PI: Daniel Haider
Duration: Jan 2022 - Dec 2024
Funding: DOC Fellowship Program of the Austrian Academy of Sciences (A-26335)
Advisors and Collaborators: Peter Balazs and Martin Ehler (University of Vienna)
Modern deep learning models that include training deep artificial neural networks (DNNs) have widely been evolving towards “end-to-end” designs. This makes them less and less accessible and interpretable and as these black-box models rapidly find their way into our everyday lives, this has been becoming a severe issue. To address this, we have to identify rigorous mathematical formulations of the problems and conduct solid analyses to maintain control of what we casually call "artificial intelligence" in the future.
The project aims to contribute to exactly that by employing the potential of a frame-theoretic approach for the analysis of neural networks in full generality.
Assuming a general Hilbert space setting, we may consider a layer of a neural network to be the analysis operator of an associated sequence of functions from our space, followed by a piece-wise non-linearity. Despite neural networks being non-linear operators in finite dimensions, we are convinced that for the purpose of building a solid theory, it is very beneficial to consider infinite-dimensional settings as well. For example, the Hilbert space of infinite sequences of finite energy is closely tied to the theory of signal processing, hence also a very appropriate setting for deep learning.
For audio applications, the layers are often based on convolution, such that the linear part of such a layer can be interpreted as a filter bank decomposition. Since frames have a long tradition in audio engineering, also in this setting, a frame-theoretical approach is highly suitable.
In a finite-dimensional setting, the frame associated with a network layer is just the collection of row vectors of the matrix representation of the linear transform.
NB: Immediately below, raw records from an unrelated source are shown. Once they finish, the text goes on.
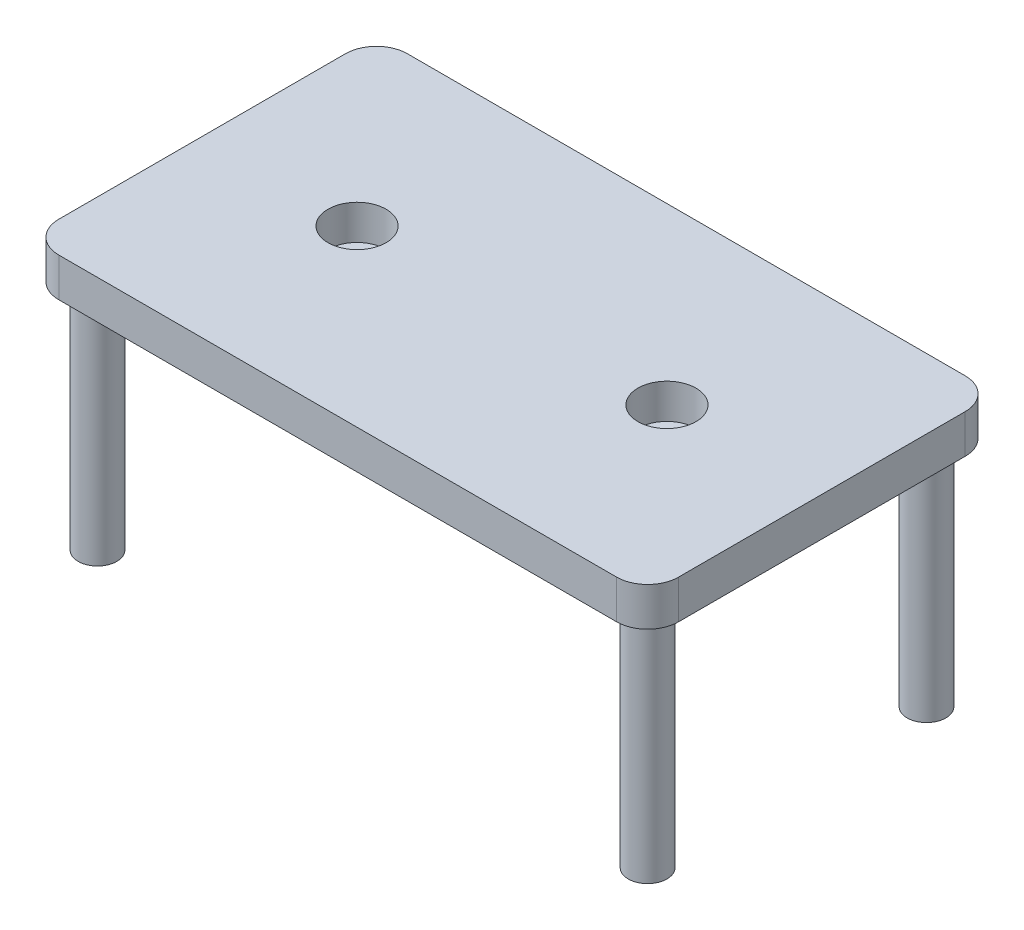
ISO-10303-21;
HEADER;
FILE_DESCRIPTION(('STEP AP214'),'2;1');
FILE_NAME('part.step','',(''),(''),'','','');
FILE_SCHEMA(('AUTOMOTIVE_DESIGN { 1 0 10303 214 1 1 1 1 }'));
ENDSEC;
DATA;
#1=APPLICATION_CONTEXT('core data for automotive mechanical design processes');
#2=APPLICATION_PROTOCOL_DEFINITION('international standard','automotive_design',2000,#1);
#3=PRODUCT_CONTEXT('',#1,'mechanical');
#4=PRODUCT('Part','Part','',(#3));
#5=PRODUCT_RELATED_PRODUCT_CATEGORY('part','',(#4));
#6=PRODUCT_DEFINITION_FORMATION('','',#4);
#7=PRODUCT_DEFINITION_CONTEXT('part definition',#1,'design');
#8=PRODUCT_DEFINITION('design','',#6,#7);
#9=PRODUCT_DEFINITION_SHAPE('','',#8);
#10=(LENGTH_UNIT() NAMED_UNIT(*) SI_UNIT(.MILLI.,.METRE.));
#11=(NAMED_UNIT(*) PLANE_ANGLE_UNIT() SI_UNIT($,.RADIAN.));
#12=(NAMED_UNIT(*) SI_UNIT($,.STERADIAN.) SOLID_ANGLE_UNIT());
#13=UNCERTAINTY_MEASURE_WITH_UNIT(LENGTH_MEASURE(1.E-05),#10,'distance_accuracy_value','');
#14=(GEOMETRIC_REPRESENTATION_CONTEXT(3) GLOBAL_UNCERTAINTY_ASSIGNED_CONTEXT((#13)) GLOBAL_UNIT_ASSIGNED_CONTEXT((#10,
#11,#12)) REPRESENTATION_CONTEXT('',''));
#15=CARTESIAN_POINT('',(0.,0.,0.));
#16=DIRECTION('',(0.,0.,1.));
#17=DIRECTION('',(1.,0.,0.));
#18=AXIS2_PLACEMENT_3D('',#15,#16,#17);
#19=CARTESIAN_POINT('',(800.,100.,-450.));
#20=DIRECTION('',(-1.,0.,0.));
#21=DIRECTION('',(0.,0.,1.));
#22=AXIS2_PLACEMENT_3D('',#19,#20,#21);
#23=PLANE('',#22);
#24=DIRECTION('',(0.,0.,-1.));
#25=VECTOR('',#24,1.);
#26=CARTESIAN_POINT('',(800.,0.,-450.));
#27=LINE('',#26,#25);
#28=CARTESIAN_POINT('',(800.,0.,370.));
#29=VERTEX_POINT('',#28);
#30=CARTESIAN_POINT('',(800.,0.,-370.));
#31=VERTEX_POINT('',#30);
#32=EDGE_CURVE('E129',#29,#31,#27,.T.);
#33=ORIENTED_EDGE('',*,*,#32,.T.);
#34=DIRECTION('',(0.,-1.,0.));
#35=VECTOR('',#34,1.);
#36=CARTESIAN_POINT('',(800.,100.,-370.));
#37=LINE('',#36,#35);
#38=CARTESIAN_POINT('',(800.,100.,-370.));
#39=VERTEX_POINT('',#38);
#40=EDGE_CURVE('E168',#31,#39,#37,.F.);
#41=ORIENTED_EDGE('',*,*,#40,.T.);
#42=DIRECTION('',(0.,0.,-1.));
#43=VECTOR('',#42,1.);
#44=CARTESIAN_POINT('',(800.,100.,-450.));
#45=LINE('',#44,#43);
#46=CARTESIAN_POINT('',(800.,100.,370.));
#47=VERTEX_POINT('',#46);
#48=EDGE_CURVE('E127',#47,#39,#45,.T.);
#49=ORIENTED_EDGE('',*,*,#48,.F.);
#50=DIRECTION('',(0.,-1.,0.));
#51=VECTOR('',#50,1.);
#52=CARTESIAN_POINT('',(800.,100.,370.));
#53=LINE('',#52,#51);
#54=EDGE_CURVE('E165',#47,#29,#53,.T.);
#55=ORIENTED_EDGE('',*,*,#54,.T.);
#56=EDGE_LOOP('',(#33,#41,#49,#55));
#57=FACE_BOUND('',#56,.T.);
#58=ADVANCED_FACE('F34',(#57),#23,.F.);
#59=CARTESIAN_POINT('',(-800.,100.,-450.));
#60=DIRECTION('',(0.,0.,1.));
#61=DIRECTION('',(1.,0.,0.));
#62=AXIS2_PLACEMENT_3D('',#59,#60,#61);
#63=PLANE('',#62);
#64=DIRECTION('',(-1.,0.,0.));
#65=VECTOR('',#64,1.);
#66=CARTESIAN_POINT('',(-800.,0.,-450.));
#67=LINE('',#66,#65);
#68=CARTESIAN_POINT('',(720.,0.,-450.));
#69=VERTEX_POINT('',#68);
#70=CARTESIAN_POINT('',(-720.,0.,-450.));
#71=VERTEX_POINT('',#70);
#72=EDGE_CURVE('E125',#69,#71,#67,.T.);
#73=ORIENTED_EDGE('',*,*,#72,.T.);
#74=DIRECTION('',(0.,-1.,0.));
#75=VECTOR('',#74,1.);
#76=CARTESIAN_POINT('',(-720.,100.,-450.));
#77=LINE('',#76,#75);
#78=CARTESIAN_POINT('',(-720.,100.,-450.));
#79=VERTEX_POINT('',#78);
#80=EDGE_CURVE('E104',#71,#79,#77,.F.);
#81=ORIENTED_EDGE('',*,*,#80,.T.);
#82=DIRECTION('',(-1.,0.,0.));
#83=VECTOR('',#82,1.);
#84=CARTESIAN_POINT('',(-800.,100.,-450.));
#85=LINE('',#84,#83);
#86=CARTESIAN_POINT('',(720.,100.,-450.));
#87=VERTEX_POINT('',#86);
#88=EDGE_CURVE('E184',#87,#79,#85,.T.);
#89=ORIENTED_EDGE('',*,*,#88,.F.);
#90=DIRECTION('',(0.,-1.,0.));
#91=VECTOR('',#90,1.);
#92=CARTESIAN_POINT('',(720.,100.,-450.));
#93=LINE('',#92,#91);
#94=EDGE_CURVE('E109',#87,#69,#93,.T.);
#95=ORIENTED_EDGE('',*,*,#94,.T.);
#96=EDGE_LOOP('',(#73,#81,#89,#95));
#97=FACE_BOUND('',#96,.T.);
#98=ADVANCED_FACE('F209',(#97),#63,.F.);
#99=CARTESIAN_POINT('',(-800.,100.,-450.));
#100=DIRECTION('',(1.,0.,0.));
#101=DIRECTION('',(0.,0.,-1.));
#102=AXIS2_PLACEMENT_3D('',#99,#100,#101);
#103=PLANE('',#102);
#104=DIRECTION('',(0.,0.,1.));
#105=VECTOR('',#104,1.);
#106=CARTESIAN_POINT('',(-800.,100.,-450.));
#107=LINE('',#106,#105);
#108=CARTESIAN_POINT('',(-800.,100.,-370.));
#109=VERTEX_POINT('',#108);
#110=CARTESIAN_POINT('',(-800.,100.,370.));
#111=VERTEX_POINT('',#110);
#112=EDGE_CURVE('E118',#109,#111,#107,.T.);
#113=ORIENTED_EDGE('',*,*,#112,.F.);
#114=DIRECTION('',(0.,-1.,0.));
#115=VECTOR('',#114,1.);
#116=CARTESIAN_POINT('',(-800.,100.,-370.));
#117=LINE('',#116,#115);
#118=CARTESIAN_POINT('',(-800.,0.,-370.));
#119=VERTEX_POINT('',#118);
#120=EDGE_CURVE('E103',#109,#119,#117,.T.);
#121=ORIENTED_EDGE('',*,*,#120,.T.);
#122=DIRECTION('',(0.,0.,1.));
#123=VECTOR('',#122,1.);
#124=CARTESIAN_POINT('',(-800.,0.,-450.));
#125=LINE('',#124,#123);
#126=CARTESIAN_POINT('',(-800.,0.,370.));
#127=VERTEX_POINT('',#126);
#128=EDGE_CURVE('E116',#119,#127,#125,.T.);
#129=ORIENTED_EDGE('',*,*,#128,.T.);
#130=DIRECTION('',(0.,-1.,0.));
#131=VECTOR('',#130,1.);
#132=CARTESIAN_POINT('',(-800.,100.,370.));
#133=LINE('',#132,#131);
#134=EDGE_CURVE('E120',#127,#111,#133,.F.);
#135=ORIENTED_EDGE('',*,*,#134,.T.);
#136=EDGE_LOOP('',(#113,#121,#129,#135));
#137=FACE_BOUND('',#136,.T.);
#138=ADVANCED_FACE('F115',(#137),#103,.F.);
#139=CARTESIAN_POINT('',(-800.,100.,450.));
#140=DIRECTION('',(0.,0.,-1.));
#141=DIRECTION('',(-1.,0.,0.));
#142=AXIS2_PLACEMENT_3D('',#139,#140,#141);
#143=PLANE('',#142);
#144=DIRECTION('',(1.,0.,0.));
#145=VECTOR('',#144,1.);
#146=CARTESIAN_POINT('',(-800.,0.,450.));
#147=LINE('',#146,#145);
#148=CARTESIAN_POINT('',(-720.,0.,450.));
#149=VERTEX_POINT('',#148);
#150=CARTESIAN_POINT('',(720.,0.,450.));
#151=VERTEX_POINT('',#150);
#152=EDGE_CURVE('E124',#149,#151,#147,.T.);
#153=ORIENTED_EDGE('',*,*,#152,.T.);
#154=DIRECTION('',(0.,-1.,0.));
#155=VECTOR('',#154,1.);
#156=CARTESIAN_POINT('',(720.,100.,450.));
#157=LINE('',#156,#155);
#158=CARTESIAN_POINT('',(720.,100.,450.));
#159=VERTEX_POINT('',#158);
#160=EDGE_CURVE('E11',#151,#159,#157,.F.);
#161=ORIENTED_EDGE('',*,*,#160,.T.);
#162=DIRECTION('',(1.,0.,0.));
#163=VECTOR('',#162,1.);
#164=CARTESIAN_POINT('',(-800.,100.,450.));
#165=LINE('',#164,#163);
#166=CARTESIAN_POINT('',(-720.,100.,450.));
#167=VERTEX_POINT('',#166);
#168=EDGE_CURVE('E149',#167,#159,#165,.T.);
#169=ORIENTED_EDGE('',*,*,#168,.F.);
#170=DIRECTION('',(0.,-1.,0.));
#171=VECTOR('',#170,1.);
#172=CARTESIAN_POINT('',(-720.,100.,450.));
#173=LINE('',#172,#171);
#174=EDGE_CURVE('E42',#167,#149,#173,.T.);
#175=ORIENTED_EDGE('',*,*,#174,.T.);
#176=EDGE_LOOP('',(#153,#161,#169,#175));
#177=FACE_BOUND('',#176,.T.);
#178=ADVANCED_FACE('F171',(#177),#143,.F.);
#179=CARTESIAN_POINT('',(0.,100.,0.));
#180=DIRECTION('',(0.,1.,0.));
#181=DIRECTION('',(0.,0.,1.));
#182=AXIS2_PLACEMENT_3D('',#179,#180,#181);
#183=PLANE('',#182);
#184=CARTESIAN_POINT('',(-400.,100.,-1.11022302462516E-13));
#185=DIRECTION('',(0.,-1.,0.));
#186=DIRECTION('',(0.,0.,1.));
#187=AXIS2_PLACEMENT_3D('',#184,#185,#186);
#188=CIRCLE('',#187,75.);
#189=CARTESIAN_POINT('',(-400.,100.,74.9999999999999));
#190=VERTEX_POINT('',#189);
#191=EDGE_CURVE('E422',#190,#190,#188,.T.);
#192=ORIENTED_EDGE('',*,*,#191,.T.);
#193=EDGE_LOOP('',(#192));
#194=FACE_BOUND('',#193,.T.);
#195=CARTESIAN_POINT('',(400.,100.,-1.11022302462516E-13));
#196=DIRECTION('',(0.,1.,0.));
#197=DIRECTION('',(0.,0.,1.));
#198=AXIS2_PLACEMENT_3D('',#195,#196,#197);
#199=CIRCLE('',#198,75.);
#200=CARTESIAN_POINT('',(400.,100.,74.9999999999999));
#201=VERTEX_POINT('',#200);
#202=EDGE_CURVE('E416',#201,#201,#199,.T.);
#203=ORIENTED_EDGE('',*,*,#202,.F.);
#204=EDGE_LOOP('',(#203));
#205=FACE_BOUND('',#204,.T.);
#206=ORIENTED_EDGE('',*,*,#88,.T.);
#207=CARTESIAN_POINT('',(-720.,100.,-370.));
#208=DIRECTION('',(0.,1.,0.));
#209=DIRECTION('',(0.,0.,1.));
#210=AXIS2_PLACEMENT_3D('',#207,#208,#209);
#211=CIRCLE('',#210,80.);
#212=EDGE_CURVE('E163',#79,#109,#211,.T.);
#213=ORIENTED_EDGE('',*,*,#212,.T.);
#214=ORIENTED_EDGE('',*,*,#112,.T.);
#215=CARTESIAN_POINT('',(-720.,100.,370.));
#216=DIRECTION('',(0.,1.,0.));
#217=DIRECTION('',(0.,0.,1.));
#218=AXIS2_PLACEMENT_3D('',#215,#216,#217);
#219=CIRCLE('',#218,80.);
#220=EDGE_CURVE('E54',#111,#167,#219,.T.);
#221=ORIENTED_EDGE('',*,*,#220,.T.);
#222=ORIENTED_EDGE('',*,*,#168,.T.);
#223=CARTESIAN_POINT('',(720.,100.,370.));
#224=DIRECTION('',(0.,1.,0.));
#225=DIRECTION('',(0.,0.,1.));
#226=AXIS2_PLACEMENT_3D('',#223,#224,#225);
#227=CIRCLE('',#226,80.);
#228=EDGE_CURVE('E159',#159,#47,#227,.T.);
#229=ORIENTED_EDGE('',*,*,#228,.T.);
#230=ORIENTED_EDGE('',*,*,#48,.T.);
#231=CARTESIAN_POINT('',(720.,100.,-370.));
#232=DIRECTION('',(0.,1.,0.));
#233=DIRECTION('',(0.,0.,1.));
#234=AXIS2_PLACEMENT_3D('',#231,#232,#233);
#235=CIRCLE('',#234,80.);
#236=EDGE_CURVE('E161',#39,#87,#235,.T.);
#237=ORIENTED_EDGE('',*,*,#236,.T.);
#238=EDGE_LOOP('',(#206,#213,#214,#221,#222,#229,#230,#237));
#239=FACE_BOUND('',#238,.T.);
#240=ADVANCED_FACE('F192',(#194,#205,#239),#183,.T.);
#241=CARTESIAN_POINT('',(0.,0.,0.));
#242=DIRECTION('',(0.,1.,0.));
#243=DIRECTION('',(0.,0.,1.));
#244=AXIS2_PLACEMENT_3D('',#241,#242,#243);
#245=PLANE('',#244);
#246=CARTESIAN_POINT('',(-710.,0.,360.));
#247=DIRECTION('',(0.,1.,0.));
#248=DIRECTION('',(0.,0.,1.));
#249=AXIS2_PLACEMENT_3D('',#246,#247,#248);
#250=CIRCLE('',#249,50.);
#251=CARTESIAN_POINT('',(-710.,0.,410.));
#252=VERTEX_POINT('',#251);
#253=EDGE_CURVE('E145',#252,#252,#250,.T.);
#254=ORIENTED_EDGE('',*,*,#253,.T.);
#255=EDGE_LOOP('',(#254));
#256=FACE_BOUND('',#255,.T.);
#257=CARTESIAN_POINT('',(710.,0.,360.));
#258=DIRECTION('',(0.,1.,0.));
#259=DIRECTION('',(0.,0.,1.));
#260=AXIS2_PLACEMENT_3D('',#257,#258,#259);
#261=CIRCLE('',#260,50.);
#262=CARTESIAN_POINT('',(710.,0.,410.));
#263=VERTEX_POINT('',#262);
#264=EDGE_CURVE('E141',#263,#263,#261,.T.);
#265=ORIENTED_EDGE('',*,*,#264,.T.);
#266=EDGE_LOOP('',(#265));
#267=FACE_BOUND('',#266,.T.);
#268=CARTESIAN_POINT('',(710.,0.,-360.));
#269=DIRECTION('',(0.,1.,0.));
#270=DIRECTION('',(0.,0.,1.));
#271=AXIS2_PLACEMENT_3D('',#268,#269,#270);
#272=CIRCLE('',#271,50.);
#273=CARTESIAN_POINT('',(710.,0.,-310.));
#274=VERTEX_POINT('',#273);
#275=EDGE_CURVE('E137',#274,#274,#272,.T.);
#276=ORIENTED_EDGE('',*,*,#275,.T.);
#277=EDGE_LOOP('',(#276));
#278=FACE_BOUND('',#277,.T.);
#279=CARTESIAN_POINT('',(-710.,0.,-360.));
#280=DIRECTION('',(0.,1.,0.));
#281=DIRECTION('',(0.,0.,1.));
#282=AXIS2_PLACEMENT_3D('',#279,#280,#281);
#283=CIRCLE('',#282,50.);
#284=CARTESIAN_POINT('',(-710.,0.,-310.));
#285=VERTEX_POINT('',#284);
#286=EDGE_CURVE('E133',#285,#285,#283,.T.);
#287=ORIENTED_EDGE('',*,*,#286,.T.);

Here, finite frame theory provides efficient notation and perspectives that make rigorous stability analyses and the usage of duality concepts possible.
In applications, our approach makes particular sense at the early stage of a neural network, where it is assumed that the input data is transformed and prepared for the rest of the learning procedure. At this stage usually, also dimensionality is increased, in other words, redundancy is present. Exploiting the properties of a redundant frame, the effect of several classes of non-linearities on the frame analysis operator can be investigated well, yielding important stability results and reconstruction methods for injective layers of a neural network. A big emphasis here lies on the ReLU function.
In general, there are various algorithms from frame theory for the efficient computation of condition numbers, approximate and exact duals, etc.
All in all, the project seeks to deeply connect the theory of frames with the theory of neural networks so that this mathematical paradigm eventually gets established in the deep learning community one day.